UNCTAD warns that this trend is becoming widespread across developing nations.

“Fiscal space declined in 73 per cent of developing countries between 2018 and 2024, constraining development spending,” the report notes.

Debt crisis

The report identifies rising global borrowing costs following the COVID-19 pandemic and subsequent interest rate hikes in advanced economies as key drivers of the problem.

Presidents William Ruto and Yoweri Museveni during the groundbreaking ceremony at the Kibos SGR site in Kisumu. PHOTO/@WilliamsRuto/X
Presidents William Ruto and Yoweri Museveni during the groundbreaking ceremony at the Kibos SGR site in Kisumu. PHOTO/@WilliamsRuto/X

Developing countries typically borrow at higher rates than wealthy nations because investors perceive them as riskier.

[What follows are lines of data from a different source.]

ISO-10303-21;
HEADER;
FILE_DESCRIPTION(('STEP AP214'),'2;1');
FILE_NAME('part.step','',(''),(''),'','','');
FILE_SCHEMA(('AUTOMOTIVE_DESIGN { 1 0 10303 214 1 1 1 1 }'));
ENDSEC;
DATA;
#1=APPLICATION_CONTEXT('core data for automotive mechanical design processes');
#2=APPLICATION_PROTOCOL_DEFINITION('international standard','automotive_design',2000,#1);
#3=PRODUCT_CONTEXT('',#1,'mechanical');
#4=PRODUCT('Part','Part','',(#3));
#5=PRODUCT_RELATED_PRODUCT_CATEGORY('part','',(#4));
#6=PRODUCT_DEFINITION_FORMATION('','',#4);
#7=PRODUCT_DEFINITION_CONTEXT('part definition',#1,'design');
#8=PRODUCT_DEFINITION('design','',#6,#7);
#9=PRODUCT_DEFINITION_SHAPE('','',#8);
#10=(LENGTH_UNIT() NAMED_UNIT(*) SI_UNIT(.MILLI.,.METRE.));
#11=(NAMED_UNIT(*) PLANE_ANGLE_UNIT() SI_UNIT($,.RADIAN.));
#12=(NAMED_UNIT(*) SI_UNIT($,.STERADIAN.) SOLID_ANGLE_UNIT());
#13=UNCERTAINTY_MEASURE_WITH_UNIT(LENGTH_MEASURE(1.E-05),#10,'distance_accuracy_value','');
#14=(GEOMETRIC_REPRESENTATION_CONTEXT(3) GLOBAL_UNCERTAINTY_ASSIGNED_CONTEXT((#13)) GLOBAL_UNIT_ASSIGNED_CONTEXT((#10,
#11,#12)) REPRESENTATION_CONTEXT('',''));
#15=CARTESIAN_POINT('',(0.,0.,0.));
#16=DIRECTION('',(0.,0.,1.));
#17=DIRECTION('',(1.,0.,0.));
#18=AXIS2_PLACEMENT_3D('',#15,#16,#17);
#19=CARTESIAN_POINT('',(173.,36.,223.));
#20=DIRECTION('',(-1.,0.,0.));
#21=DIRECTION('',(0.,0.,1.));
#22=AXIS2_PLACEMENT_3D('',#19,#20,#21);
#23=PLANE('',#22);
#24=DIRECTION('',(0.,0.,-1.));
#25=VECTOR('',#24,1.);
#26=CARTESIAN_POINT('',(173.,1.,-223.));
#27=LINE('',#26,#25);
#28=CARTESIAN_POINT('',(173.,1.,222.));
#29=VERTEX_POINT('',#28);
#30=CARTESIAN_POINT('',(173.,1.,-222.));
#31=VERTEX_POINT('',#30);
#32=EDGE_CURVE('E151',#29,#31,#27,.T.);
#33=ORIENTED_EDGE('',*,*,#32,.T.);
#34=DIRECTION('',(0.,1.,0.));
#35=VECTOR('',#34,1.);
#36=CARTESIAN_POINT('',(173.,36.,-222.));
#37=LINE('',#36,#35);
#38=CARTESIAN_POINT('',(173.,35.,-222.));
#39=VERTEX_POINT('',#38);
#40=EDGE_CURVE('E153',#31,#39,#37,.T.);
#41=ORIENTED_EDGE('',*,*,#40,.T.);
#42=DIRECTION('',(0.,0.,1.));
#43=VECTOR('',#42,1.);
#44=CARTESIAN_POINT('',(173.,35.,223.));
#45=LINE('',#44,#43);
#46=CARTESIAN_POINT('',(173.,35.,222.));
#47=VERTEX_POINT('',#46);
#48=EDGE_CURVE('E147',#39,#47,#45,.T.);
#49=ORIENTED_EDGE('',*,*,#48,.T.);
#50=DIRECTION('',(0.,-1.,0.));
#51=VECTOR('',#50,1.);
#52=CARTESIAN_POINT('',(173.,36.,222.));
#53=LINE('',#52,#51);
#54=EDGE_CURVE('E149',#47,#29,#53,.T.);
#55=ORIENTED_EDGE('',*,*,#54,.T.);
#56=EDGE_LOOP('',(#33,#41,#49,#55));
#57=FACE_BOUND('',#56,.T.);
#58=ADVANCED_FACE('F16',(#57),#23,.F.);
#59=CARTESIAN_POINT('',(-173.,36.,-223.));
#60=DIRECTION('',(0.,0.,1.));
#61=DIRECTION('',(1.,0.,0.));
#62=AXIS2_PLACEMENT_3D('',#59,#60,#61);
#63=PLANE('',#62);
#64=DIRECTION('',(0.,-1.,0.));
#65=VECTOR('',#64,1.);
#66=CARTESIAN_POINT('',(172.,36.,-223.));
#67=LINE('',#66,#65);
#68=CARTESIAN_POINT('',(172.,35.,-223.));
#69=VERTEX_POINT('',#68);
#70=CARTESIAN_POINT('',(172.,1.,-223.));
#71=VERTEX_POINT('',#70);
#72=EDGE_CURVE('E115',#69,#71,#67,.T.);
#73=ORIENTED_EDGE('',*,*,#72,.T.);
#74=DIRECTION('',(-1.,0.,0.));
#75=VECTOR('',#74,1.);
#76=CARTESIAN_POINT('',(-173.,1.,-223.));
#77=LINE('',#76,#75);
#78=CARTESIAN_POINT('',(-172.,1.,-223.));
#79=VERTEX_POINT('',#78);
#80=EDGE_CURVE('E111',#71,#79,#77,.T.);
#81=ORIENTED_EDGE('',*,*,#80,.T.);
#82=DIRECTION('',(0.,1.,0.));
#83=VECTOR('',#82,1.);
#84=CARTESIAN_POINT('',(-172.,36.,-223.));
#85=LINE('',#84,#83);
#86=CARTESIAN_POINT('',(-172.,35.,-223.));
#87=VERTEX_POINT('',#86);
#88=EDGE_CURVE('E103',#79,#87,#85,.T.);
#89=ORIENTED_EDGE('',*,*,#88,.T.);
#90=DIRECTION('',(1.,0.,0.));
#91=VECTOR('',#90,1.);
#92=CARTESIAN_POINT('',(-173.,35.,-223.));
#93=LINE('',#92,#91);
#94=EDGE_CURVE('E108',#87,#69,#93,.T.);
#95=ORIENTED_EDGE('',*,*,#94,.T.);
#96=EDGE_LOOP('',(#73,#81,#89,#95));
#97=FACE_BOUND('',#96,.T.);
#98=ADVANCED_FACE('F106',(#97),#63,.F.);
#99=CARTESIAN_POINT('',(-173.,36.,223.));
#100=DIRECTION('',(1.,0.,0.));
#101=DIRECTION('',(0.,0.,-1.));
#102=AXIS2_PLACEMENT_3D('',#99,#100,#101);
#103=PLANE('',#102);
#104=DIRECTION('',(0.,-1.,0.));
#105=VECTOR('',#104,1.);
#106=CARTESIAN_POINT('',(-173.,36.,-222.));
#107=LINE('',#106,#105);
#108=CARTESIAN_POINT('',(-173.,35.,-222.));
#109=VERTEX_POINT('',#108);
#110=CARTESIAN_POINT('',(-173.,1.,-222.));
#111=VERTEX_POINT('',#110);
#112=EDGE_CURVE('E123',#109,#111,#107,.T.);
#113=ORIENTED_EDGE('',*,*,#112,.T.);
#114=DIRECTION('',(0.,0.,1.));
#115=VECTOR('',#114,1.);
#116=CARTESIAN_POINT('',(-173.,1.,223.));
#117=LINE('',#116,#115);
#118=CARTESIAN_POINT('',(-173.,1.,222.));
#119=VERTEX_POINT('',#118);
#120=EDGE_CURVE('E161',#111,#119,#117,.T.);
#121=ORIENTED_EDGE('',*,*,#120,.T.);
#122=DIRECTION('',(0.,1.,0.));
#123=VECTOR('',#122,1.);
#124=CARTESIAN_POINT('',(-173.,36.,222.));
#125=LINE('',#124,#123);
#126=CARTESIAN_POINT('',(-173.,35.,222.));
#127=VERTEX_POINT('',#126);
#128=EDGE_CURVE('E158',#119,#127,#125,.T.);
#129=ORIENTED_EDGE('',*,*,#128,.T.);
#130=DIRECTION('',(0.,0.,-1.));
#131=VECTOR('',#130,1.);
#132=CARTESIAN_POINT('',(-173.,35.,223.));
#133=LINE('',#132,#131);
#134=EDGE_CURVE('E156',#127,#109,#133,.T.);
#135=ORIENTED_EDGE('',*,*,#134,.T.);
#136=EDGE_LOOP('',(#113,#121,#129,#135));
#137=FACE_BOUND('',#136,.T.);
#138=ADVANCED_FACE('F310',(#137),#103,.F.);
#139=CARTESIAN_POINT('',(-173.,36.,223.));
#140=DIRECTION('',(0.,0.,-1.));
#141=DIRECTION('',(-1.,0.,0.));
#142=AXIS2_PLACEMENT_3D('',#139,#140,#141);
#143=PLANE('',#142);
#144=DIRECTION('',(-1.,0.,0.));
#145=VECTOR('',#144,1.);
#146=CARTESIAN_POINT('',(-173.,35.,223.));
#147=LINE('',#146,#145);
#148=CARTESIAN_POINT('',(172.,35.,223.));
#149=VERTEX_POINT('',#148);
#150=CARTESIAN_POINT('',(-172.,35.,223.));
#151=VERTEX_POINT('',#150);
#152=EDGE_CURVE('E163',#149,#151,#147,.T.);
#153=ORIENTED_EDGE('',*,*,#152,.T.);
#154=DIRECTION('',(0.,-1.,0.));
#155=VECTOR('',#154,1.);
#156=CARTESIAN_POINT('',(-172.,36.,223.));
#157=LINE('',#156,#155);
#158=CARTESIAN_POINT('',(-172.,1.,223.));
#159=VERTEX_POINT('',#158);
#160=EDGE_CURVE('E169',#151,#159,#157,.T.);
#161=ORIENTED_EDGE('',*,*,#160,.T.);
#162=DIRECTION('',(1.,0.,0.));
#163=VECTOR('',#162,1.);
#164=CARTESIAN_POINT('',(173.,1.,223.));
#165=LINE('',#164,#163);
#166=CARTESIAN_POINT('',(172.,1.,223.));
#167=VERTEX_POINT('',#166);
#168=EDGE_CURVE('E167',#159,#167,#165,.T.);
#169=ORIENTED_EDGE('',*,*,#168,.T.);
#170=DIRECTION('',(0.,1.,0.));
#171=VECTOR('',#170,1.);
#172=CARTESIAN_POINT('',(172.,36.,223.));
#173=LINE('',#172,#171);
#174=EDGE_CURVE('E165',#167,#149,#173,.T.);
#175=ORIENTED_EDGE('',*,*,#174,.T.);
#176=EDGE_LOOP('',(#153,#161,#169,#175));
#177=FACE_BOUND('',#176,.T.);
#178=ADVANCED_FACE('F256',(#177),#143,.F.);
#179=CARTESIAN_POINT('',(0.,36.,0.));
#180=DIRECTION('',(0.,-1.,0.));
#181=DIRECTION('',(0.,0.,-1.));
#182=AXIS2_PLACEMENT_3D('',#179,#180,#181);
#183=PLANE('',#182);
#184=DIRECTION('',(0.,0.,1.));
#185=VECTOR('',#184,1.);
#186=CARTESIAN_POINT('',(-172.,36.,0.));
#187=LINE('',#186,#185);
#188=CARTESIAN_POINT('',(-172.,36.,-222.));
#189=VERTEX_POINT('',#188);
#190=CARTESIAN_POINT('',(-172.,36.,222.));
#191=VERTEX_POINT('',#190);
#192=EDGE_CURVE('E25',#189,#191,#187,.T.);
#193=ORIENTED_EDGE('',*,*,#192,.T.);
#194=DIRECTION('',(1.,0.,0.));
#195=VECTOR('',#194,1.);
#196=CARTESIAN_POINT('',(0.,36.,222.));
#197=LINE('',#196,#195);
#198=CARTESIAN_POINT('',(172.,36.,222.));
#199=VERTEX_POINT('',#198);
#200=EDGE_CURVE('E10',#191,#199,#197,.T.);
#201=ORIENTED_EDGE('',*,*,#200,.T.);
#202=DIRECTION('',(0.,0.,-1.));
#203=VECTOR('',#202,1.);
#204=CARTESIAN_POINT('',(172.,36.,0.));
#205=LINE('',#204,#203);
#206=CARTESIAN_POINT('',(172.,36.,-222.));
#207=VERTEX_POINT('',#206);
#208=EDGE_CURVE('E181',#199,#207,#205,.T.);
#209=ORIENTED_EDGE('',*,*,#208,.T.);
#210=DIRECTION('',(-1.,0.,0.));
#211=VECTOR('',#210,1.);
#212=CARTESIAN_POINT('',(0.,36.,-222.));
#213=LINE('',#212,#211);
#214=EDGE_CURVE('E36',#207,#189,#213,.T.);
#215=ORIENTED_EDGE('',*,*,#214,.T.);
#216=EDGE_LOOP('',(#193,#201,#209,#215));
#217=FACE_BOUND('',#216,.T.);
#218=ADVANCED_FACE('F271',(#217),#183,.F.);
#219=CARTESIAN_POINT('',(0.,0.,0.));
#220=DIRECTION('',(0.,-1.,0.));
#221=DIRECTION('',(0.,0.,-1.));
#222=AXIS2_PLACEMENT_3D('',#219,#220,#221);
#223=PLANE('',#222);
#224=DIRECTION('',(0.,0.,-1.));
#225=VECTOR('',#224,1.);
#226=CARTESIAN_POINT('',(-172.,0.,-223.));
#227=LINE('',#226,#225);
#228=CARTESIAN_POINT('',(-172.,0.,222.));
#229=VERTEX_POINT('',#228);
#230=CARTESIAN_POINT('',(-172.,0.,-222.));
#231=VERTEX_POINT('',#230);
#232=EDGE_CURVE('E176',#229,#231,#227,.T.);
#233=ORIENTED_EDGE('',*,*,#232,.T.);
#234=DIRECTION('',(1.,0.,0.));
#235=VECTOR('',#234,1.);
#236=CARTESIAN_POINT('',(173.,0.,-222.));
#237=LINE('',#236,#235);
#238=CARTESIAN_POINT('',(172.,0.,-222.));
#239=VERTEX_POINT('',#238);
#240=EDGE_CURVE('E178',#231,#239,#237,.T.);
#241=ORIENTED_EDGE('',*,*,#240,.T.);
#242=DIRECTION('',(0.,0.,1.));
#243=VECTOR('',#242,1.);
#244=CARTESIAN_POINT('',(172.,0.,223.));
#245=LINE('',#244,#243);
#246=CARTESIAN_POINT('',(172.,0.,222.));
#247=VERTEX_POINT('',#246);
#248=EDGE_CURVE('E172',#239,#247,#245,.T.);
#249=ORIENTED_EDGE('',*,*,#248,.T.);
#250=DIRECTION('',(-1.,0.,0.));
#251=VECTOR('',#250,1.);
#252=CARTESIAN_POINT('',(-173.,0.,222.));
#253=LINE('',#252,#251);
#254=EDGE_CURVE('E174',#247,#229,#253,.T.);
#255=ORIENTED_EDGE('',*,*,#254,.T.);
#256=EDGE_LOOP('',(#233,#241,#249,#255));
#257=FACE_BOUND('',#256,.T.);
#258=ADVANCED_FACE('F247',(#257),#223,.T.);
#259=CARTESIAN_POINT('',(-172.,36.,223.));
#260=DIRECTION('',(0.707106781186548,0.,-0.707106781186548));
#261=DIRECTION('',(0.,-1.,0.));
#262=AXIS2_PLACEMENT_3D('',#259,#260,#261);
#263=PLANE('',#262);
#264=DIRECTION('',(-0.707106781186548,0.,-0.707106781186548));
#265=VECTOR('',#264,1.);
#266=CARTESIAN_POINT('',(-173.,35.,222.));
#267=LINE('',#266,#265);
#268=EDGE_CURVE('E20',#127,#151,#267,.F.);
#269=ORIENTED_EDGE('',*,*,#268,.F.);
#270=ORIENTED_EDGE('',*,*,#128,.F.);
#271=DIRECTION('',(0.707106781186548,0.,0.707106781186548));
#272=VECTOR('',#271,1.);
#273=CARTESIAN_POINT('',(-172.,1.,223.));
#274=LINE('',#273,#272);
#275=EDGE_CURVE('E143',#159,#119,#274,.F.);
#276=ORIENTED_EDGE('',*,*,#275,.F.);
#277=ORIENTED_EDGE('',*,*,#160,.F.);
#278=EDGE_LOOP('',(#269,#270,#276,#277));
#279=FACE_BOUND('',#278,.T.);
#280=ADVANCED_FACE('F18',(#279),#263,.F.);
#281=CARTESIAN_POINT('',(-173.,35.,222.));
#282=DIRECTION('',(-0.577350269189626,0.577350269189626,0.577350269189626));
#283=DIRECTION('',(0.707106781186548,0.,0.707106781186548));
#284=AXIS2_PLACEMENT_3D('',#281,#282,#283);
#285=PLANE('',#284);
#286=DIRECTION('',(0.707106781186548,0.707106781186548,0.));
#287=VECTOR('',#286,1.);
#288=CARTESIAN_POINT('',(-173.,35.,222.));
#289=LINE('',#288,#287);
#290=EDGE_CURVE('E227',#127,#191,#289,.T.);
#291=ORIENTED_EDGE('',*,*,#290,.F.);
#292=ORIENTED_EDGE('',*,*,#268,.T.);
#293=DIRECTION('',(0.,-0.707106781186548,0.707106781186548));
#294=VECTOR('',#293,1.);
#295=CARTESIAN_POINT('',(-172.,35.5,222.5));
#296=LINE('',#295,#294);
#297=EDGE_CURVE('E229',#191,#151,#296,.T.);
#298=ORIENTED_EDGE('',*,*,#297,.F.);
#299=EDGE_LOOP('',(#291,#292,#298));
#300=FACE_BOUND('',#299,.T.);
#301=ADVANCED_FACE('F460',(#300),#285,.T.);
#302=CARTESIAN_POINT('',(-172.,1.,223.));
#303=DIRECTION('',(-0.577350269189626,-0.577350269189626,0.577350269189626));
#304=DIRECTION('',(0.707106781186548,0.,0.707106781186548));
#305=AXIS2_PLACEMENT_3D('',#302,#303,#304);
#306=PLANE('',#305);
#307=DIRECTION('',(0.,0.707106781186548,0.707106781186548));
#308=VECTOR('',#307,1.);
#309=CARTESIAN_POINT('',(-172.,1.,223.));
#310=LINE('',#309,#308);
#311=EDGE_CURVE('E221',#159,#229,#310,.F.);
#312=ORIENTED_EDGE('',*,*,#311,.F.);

As global rates increased between 2020 and 2024, debt-servicing costs rose sharply, placing additional pressure on government budgets.

The impact is particularly severe for African countries, many of which rely on external borrowing to finance infrastructure and development projects.

UNCTAD found that in 2024, interest costs on external public and publicly guaranteed debt accounted for a median of 59 per cent of all external interest payments made by developing countries.

The report warns that higher debt costs have both direct and indirect consequences for government finances.

Mukuru Affordable Housing Project. PHOTO/@ahb_kenya/X
Mukuru Affordable Housing Project. PHOTO/@ahb_kenya/X

“Changes in interest costs on external debt have a material and direct impact on the interest costs of government debt in these countries,” it says.

For Kenya, this means expensive external borrowing can translate into higher overall debt-servicing costs, reducing the government’s ability to finance development programmes without raising taxes or increasing borrowing further.

In a scenario where developing countries could borrow at the same rates as advanced economies, UNCTAD estimates they would collectively save the equivalent of more than KSh64 trillion annually in interest payments.

Those savings, the report says, could finance hundreds of thousands of schools, more than a million primary healthcare centres and major investments in renewable energy infrastructure.

“The differential in borrowing costs between developing and developed countries is not merely a financial statistic,” the report says.

“It represents a significant constraint on the fiscal capacity and development potential of developing countries that crowds out vital long-term public investment and threatens debt sustainability.”

As pressure mounts on public finances, the battle between servicing yesterday’s loans and funding tomorrow’s development is becoming one of the defining economic challenges facing Kenya and much of the developing world.